I often made a scene during class because I
WANTED HELP!
But I didn’t know how to ask for it.
Instead of asking if I needed help, teachers just sent me to
the principal’s office.
Effective.
I was aware that my obnoxious nature alienated me from many
potential peer groups and honestly led to many people thinking I was very
immature and idiotic. And that affected me. I genuinely had no idea how to help
myself, and I didn’t know how to ask the few close friends I had for help.
This led to me developing a lot of issues with depression.
I felt alone. I would come home, crawl into bed, and cry in
my room.
And the destruction issues I had regarding things evolved
into harming myself.
Sometimes I just need to let it out. [Photo: Katy Weaver] |
I have attempted suicide twice in my life—the scars of one
attempt are now covered with tattoos.
I honestly do not wish to return to those memories, so the
exact circumstances will not be referenced, but I need to get that out of the
way immediately.
Throughout high school and the early years of college, I
harmed myself in various ways of which I hid. Much of this harm was due to
multiple aspects of my mind fighting against me.
A lot of this harm was due to my consistent failures with
relationships—of which I had little faith until about two years ago.
As I said before, a disadvantage to being an extrovert is
that some of us are pretty selfish people. I am selfish. I acknowledge this.

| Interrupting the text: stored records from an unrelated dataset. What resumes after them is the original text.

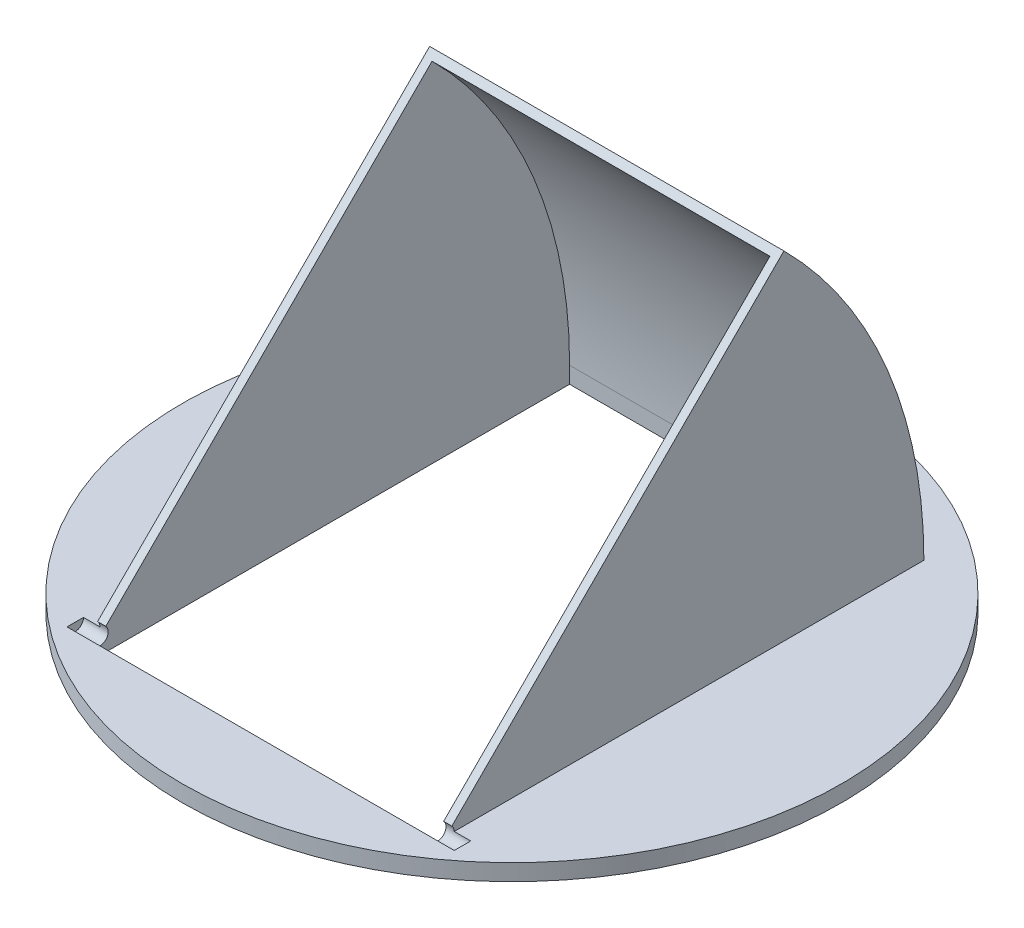
ISO-10303-21;
HEADER;
FILE_DESCRIPTION(('STEP AP214'),'2;1');
FILE_NAME('part.step','',(''),(''),'','','');
FILE_SCHEMA(('AUTOMOTIVE_DESIGN { 1 0 10303 214 1 1 1 1 }'));
ENDSEC;
DATA;
#1=APPLICATION_CONTEXT('core data for automotive mechanical design processes');
#2=APPLICATION_PROTOCOL_DEFINITION('international standard','automotive_design',2000,#1);
#3=PRODUCT_CONTEXT('',#1,'mechanical');
#4=PRODUCT('Part','Part','',(#3));
#5=PRODUCT_RELATED_PRODUCT_CATEGORY('part','',(#4));
#6=PRODUCT_DEFINITION_FORMATION('','',#4);
#7=PRODUCT_DEFINITION_CONTEXT('part definition',#1,'design');
#8=PRODUCT_DEFINITION('design','',#6,#7);
#9=PRODUCT_DEFINITION_SHAPE('','',#8);
#10=(LENGTH_UNIT() NAMED_UNIT(*) SI_UNIT(.MILLI.,.METRE.));
#11=(NAMED_UNIT(*) PLANE_ANGLE_UNIT() SI_UNIT($,.RADIAN.));
#12=(NAMED_UNIT(*) SI_UNIT($,.STERADIAN.) SOLID_ANGLE_UNIT());
#13=UNCERTAINTY_MEASURE_WITH_UNIT(LENGTH_MEASURE(1.E-05),#10,'distance_accuracy_value','');
#14=(GEOMETRIC_REPRESENTATION_CONTEXT(3) GLOBAL_UNCERTAINTY_ASSIGNED_CONTEXT((#13)) GLOBAL_UNIT_ASSIGNED_CONTEXT((#10,
#11,#12)) REPRESENTATION_CONTEXT('',''));
#15=CARTESIAN_POINT('',(0.,0.,0.));
#16=DIRECTION('',(0.,0.,1.));
#17=DIRECTION('',(1.,0.,0.));
#18=AXIS2_PLACEMENT_3D('',#15,#16,#17);
#19=CARTESIAN_POINT('',(0.,6.35,0.));
#20=DIRECTION('',(0.,1.,0.));
#21=DIRECTION('',(0.,0.,1.));
#22=AXIS2_PLACEMENT_3D('',#19,#20,#21);
#23=PLANE('',#22);
#24=CARTESIAN_POINT('',(0.,6.35,0.));
#25=DIRECTION('',(0.,1.,0.));
#26=DIRECTION('',(0.,0.,1.));
#27=AXIS2_PLACEMENT_3D('',#24,#25,#26);
#28=CIRCLE('',#27,127.);
#29=CARTESIAN_POINT('',(0.,6.35,127.));
#30=VERTEX_POINT('',#29);
#31=EDGE_CURVE('E162',#30,#30,#28,.T.);
#32=ORIENTED_EDGE('',*,*,#31,.T.);
#33=EDGE_LOOP('',(#32));
#34=FACE_BOUND('',#33,.T.);
#35=DIRECTION('',(0.,0.,-1.));
#36=VECTOR('',#35,1.);
#37=CARTESIAN_POINT('',(68.2625,6.35,93.6625));
#38=LINE('',#37,#36);
#39=CARTESIAN_POINT('',(68.2625,6.35,90.4875));
#40=VERTEX_POINT('',#39);
#41=CARTESIAN_POINT('',(68.2625,6.35,-90.4875));
#42=VERTEX_POINT('',#41);
#43=EDGE_CURVE('E138',#40,#42,#38,.T.);
#44=ORIENTED_EDGE('',*,*,#43,.F.);
#45=DIRECTION('',(-1.,0.,0.));
#46=VECTOR('',#45,1.);
#47=CARTESIAN_POINT('',(74.6125,6.35,90.4875));
#48=LINE('',#47,#46);
#49=CARTESIAN_POINT('',(74.6125,6.35,90.4875));
#50=VERTEX_POINT('',#49);
#51=EDGE_CURVE('E130',#40,#50,#48,.F.);
#52=ORIENTED_EDGE('',*,*,#51,.T.);
#53=DIRECTION('',(0.,0.,-1.));
#54=VECTOR('',#53,1.);
#55=CARTESIAN_POINT('',(74.6125,6.35,0.));
#56=LINE('',#55,#54);
#57=CARTESIAN_POINT('',(74.6125,6.35,96.8375));
#58=VERTEX_POINT('',#57);
#59=EDGE_CURVE('E11',#58,#50,#56,.T.);
#60=ORIENTED_EDGE('',*,*,#59,.F.);
#61=DIRECTION('',(-1.,0.,0.));
#62=VECTOR('',#61,1.);
#63=CARTESIAN_POINT('',(74.6125,6.35,96.8375));
#64=LINE('',#63,#62);
#65=CARTESIAN_POINT('',(-74.6125,6.35,96.8375));
#66=VERTEX_POINT('',#65);
#67=EDGE_CURVE('E133',#58,#66,#64,.T.);
#68=ORIENTED_EDGE('',*,*,#67,.T.);
#69=DIRECTION('',(0.,0.,-1.));
#70=VECTOR('',#69,1.);
#71=CARTESIAN_POINT('',(-74.6125,6.35,0.));
#72=LINE('',#71,#70);
#73=CARTESIAN_POINT('',(-74.6125,6.35,90.4875));
#74=VERTEX_POINT('',#73);
#75=EDGE_CURVE('E41',#66,#74,#72,.T.);
#76=ORIENTED_EDGE('',*,*,#75,.T.);
#77=CARTESIAN_POINT('',(-68.2625,6.35,90.4875));
#78=VERTEX_POINT('',#77);
#79=EDGE_CURVE('E141',#74,#78,#48,.F.);
#80=ORIENTED_EDGE('',*,*,#79,.T.);
#81=DIRECTION('',(0.,0.,1.));
#82=VECTOR('',#81,1.);
#83=CARTESIAN_POINT('',(-68.2625,6.35,93.6625));
#84=LINE('',#83,#82);
#85=CARTESIAN_POINT('',(-68.2625,6.35,-90.4875));
#86=VERTEX_POINT('',#85);
#87=EDGE_CURVE('E166',#86,#78,#84,.T.);
#88=ORIENTED_EDGE('',*,*,#87,.F.);
#89=DIRECTION('',(1.,0.,0.));
#90=VECTOR('',#89,1.);
#91=CARTESIAN_POINT('',(-68.2625,6.35,-90.4875));
#92=LINE('',#91,#90);
#93=EDGE_CURVE('E202',#86,#42,#92,.T.);
#94=ORIENTED_EDGE('',*,*,#93,.T.);
#95=EDGE_LOOP('',(#44,#52,#60,#68,#76,#80,#88,#94));
#96=FACE_BOUND('',#95,.T.);
#97=ADVANCED_FACE('F33',(#34,#96),#23,.T.);
#98=CARTESIAN_POINT('',(68.2625,187.325,93.6625));
#99=DIRECTION('',(-1.,0.,0.));
#100=DIRECTION('',(0.,0.,1.));
#101=AXIS2_PLACEMENT_3D('',#98,#99,#100);
#102=PLANE('',#101);
#103=CARTESIAN_POINT('',(68.2625,6.35,93.6625));
#104=DIRECTION('',(-1.,0.,0.));
#105=DIRECTION('',(0.,0.,1.));
#106=AXIS2_PLACEMENT_3D('',#103,#104,#105);
#107=CIRCLE('',#106,3.175);
#108=CARTESIAN_POINT('',(68.2625,8.59506403026729,91.4174359697327));
#109=VERTEX_POINT('',#108);
#110=EDGE_CURVE('E139',#40,#109,#107,.F.);
#111=ORIENTED_EDGE('',*,*,#110,.F.);
#112=ORIENTED_EDGE('',*,*,#43,.T.);
#113=CARTESIAN_POINT('',(68.2625,6.35,93.6625));
#114=DIRECTION('',(1.,0.,0.));
#115=DIRECTION('',(0.,0.,-1.));
#116=AXIS2_PLACEMENT_3D('',#113,#114,#115);
#117=CIRCLE('',#116,184.15);
#118=CARTESIAN_POINT('',(68.2625,136.563713755503,-36.5512137555028));
#119=VERTEX_POINT('',#118);
#120=EDGE_CURVE('E205',#42,#119,#117,.T.);
#121=ORIENTED_EDGE('',*,*,#120,.T.);
#122=DIRECTION('',(0.,0.707106781186548,-0.707106781186548));
#123=VECTOR('',#122,1.);
#124=CARTESIAN_POINT('',(68.2625,6.35,93.6625));
#125=LINE('',#124,#123);
#126=EDGE_CURVE('E56',#109,#119,#125,.T.);
#127=ORIENTED_EDGE('',*,*,#126,.F.);
#128=EDGE_LOOP('',(#111,#112,#121,#127));
#129=FACE_BOUND('',#128,.T.);
#130=ADVANCED_FACE('F259',(#129),#102,.F.);
#131=CARTESIAN_POINT('',(-68.2625,187.325,93.6625));
#132=DIRECTION('',(1.,0.,0.));
#133=DIRECTION('',(0.,0.,-1.));
#134=AXIS2_PLACEMENT_3D('',#131,#132,#133);
#135=PLANE('',#134);
#136=CARTESIAN_POINT('',(-68.2625,6.35,93.6625));
#137=DIRECTION('',(1.,0.,0.));
#138=DIRECTION('',(0.,0.,-1.));
#139=AXIS2_PLACEMENT_3D('',#136,#137,#138);
#140=CIRCLE('',#139,3.175);
#141=CARTESIAN_POINT('',(-68.2625,8.59506403026729,91.4174359697327));
#142=VERTEX_POINT('',#141);
#143=EDGE_CURVE('E149',#142,#78,#140,.F.);
#144=ORIENTED_EDGE('',*,*,#143,.F.);
#145=DIRECTION('',(0.,0.707106781186548,-0.707106781186548));
#146=VECTOR('',#145,1.);
#147=CARTESIAN_POINT('',(-68.2625,6.35,93.6625));
#148=LINE('',#147,#146);
#149=CARTESIAN_POINT('',(-68.2625,136.563713755503,-36.5512137555027));
#150=VERTEX_POINT('',#149);
#151=EDGE_CURVE('E219',#142,#150,#148,.T.);
#152=ORIENTED_EDGE('',*,*,#151,.T.);
#153=CARTESIAN_POINT('',(-68.2625,6.35,93.6625));
#154=DIRECTION('',(1.,0.,0.));
#155=DIRECTION('',(0.,0.,-1.));
#156=AXIS2_PLACEMENT_3D('',#153,#154,#155);
#157=CIRCLE('',#156,184.15);
#158=EDGE_CURVE('E204',#86,#150,#157,.T.);
#159=ORIENTED_EDGE('',*,*,#158,.F.);
#160=ORIENTED_EDGE('',*,*,#87,.T.);
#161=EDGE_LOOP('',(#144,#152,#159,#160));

And I’ve learned a lot since getting older, but I surely was a terrible person
to date because I like being independent. And I also like being selfish. And I
feared compromise. However, I also wanted companionship. And I wanted to care
for someone. And I didn’t want to be alone. But I do not deal with rejection
well.
However, all of this cognitive dissonance led to me having
no idea how to support someone else when I couldn’t even handle my own shit. I
also overthink everything—if you couldn’t tell.
And when I felt things falling apart I would try to
drastically solve all of the problems all at once to fix the relationship. And
I always failed. I failed constantly. I would use guilt to manipulate whomever
I was with because I didn’t know what else to do. And it was impossible to gain
any sort of self confidence in relationships because I knew I would destroy
them eventually.
And then I would turn on myself.
Probably the strangest thing about being an extrovert is
that I was able to hide a lot of my pain, frustration, and anxiety by forcing myself
to be myself—an overly enthusiastic, life of the party, energetic, lover of
life. You know, like an extrovert.
But I haven’t always loved life.
I have always had to hide.
I always come back to this image. It's too true. |
Writing has always been my most effective way of working
through a lot of my depression and anxiety throughout high school and college.
I don’t have to hide when I write.
And if you haven’t noticed, I write a lot.
I have kept journals for as long as I can remember.
I wrote for myself and it was the best sort of therapy.
Many of my notebooks and journals are no more.
I often destroy them once they fill up because the simple
act of having written out my words is enough for me.
I have no need to keep
those words.
However, since I love words and I love writing, I decided to
become an English major, which was the best and worst thing to happen to me.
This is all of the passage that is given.